Stored records:
========================================
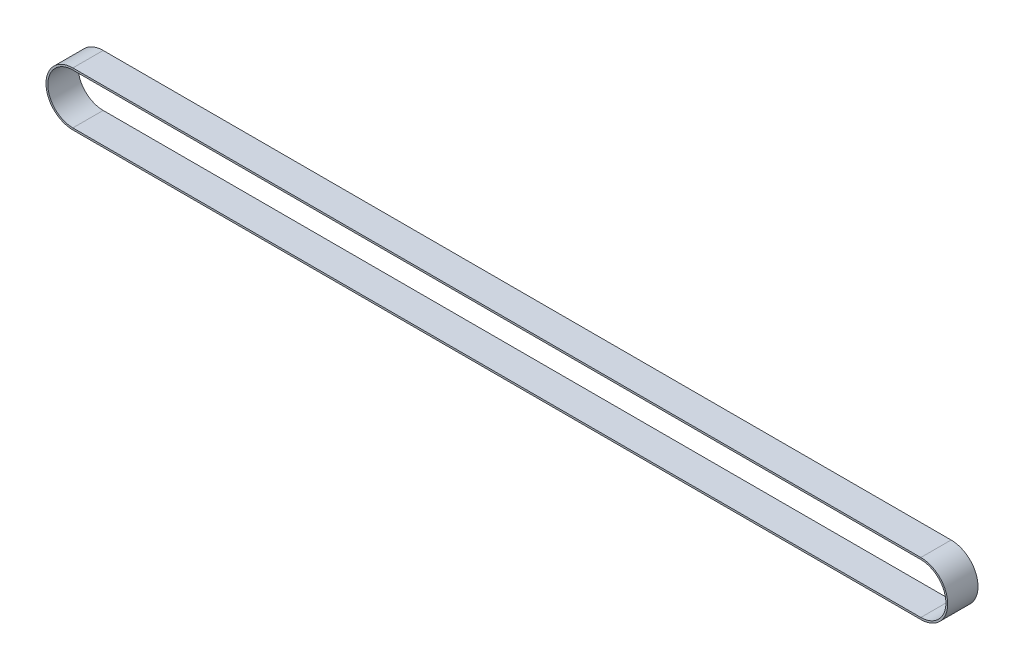
SolidWorks part; units mm, degrees
ref_plane "前视基准面" through (0, 0, 0) normal (0, 0, 1) x (1, 0, 0)
ref_plane "上视基准面" through (0, 0, 0) normal (0, 1, 0) x (1, 0, 0)
ref_plane "右视基准面" through (0, 0, 0) normal (1, 0, 0) x (0, 0, -1)
other "Configuration Table"
sketch "草图1" plane through (0, 0, 0) normal (0, 0, 1) x (1, 0, 0)
  line L0 (0, 0) -> (700, 0) construction
  line L1 (0, 20.69) -> (700, 20.69)
  line L2 (0, -20.69) -> (700, -20.69)
  arc A0 (0, 20.69) -> (0, -20.69) centre (0, 0) ccw
  arc A1 (700, -20.69) -> (700, 20.69) centre (700, 0) ccw
  point P3 (350, 0)
  dimension "D2" = 20.69
  dimension "D1" = 700
extrude "拉伸-薄壁1" add sketch "草图1" along normal blind 25 thin thin type one direction wall 1.5
========================================
■ What is required ■
Quote all the records verbatim, dropping any pictures from your copy.

■ Written solution ■
SolidWorks part; units mm, degrees
ref_plane "前视基准面" through (0, 0, 0) normal (0, 0, 1) x (1, 0, 0)
ref_plane "上视基准面" through (0, 0, 0) normal (0, 1, 0) x (1, 0, 0)
ref_plane "右视基准面" through (0, 0, 0) normal (1, 0, 0) x (0, 0, -1)
other "Configuration Table"
sketch "草图1" plane through (0, 0, 0) normal (0, 0, 1) x (1, 0, 0)
  line L0 (0, 0) -> (700, 0) construction
  line L1 (0, 20.69) -> (700, 20.69)
  line L2 (0, -20.69) -> (700, -20.69)
  arc A0 (0, 20.69) -> (0, -20.69) centre (0, 0) ccw
  arc A1 (700, -20.69) -> (700, 20.69) centre (700, 0) ccw
  point P3 (350, 0)
  dimension "D2" = 20.69
  dimension "D1" = 700
extrude "拉伸-薄壁1" add sketch "草图1" along normal blind 25 thin thin type one direction wall 1.5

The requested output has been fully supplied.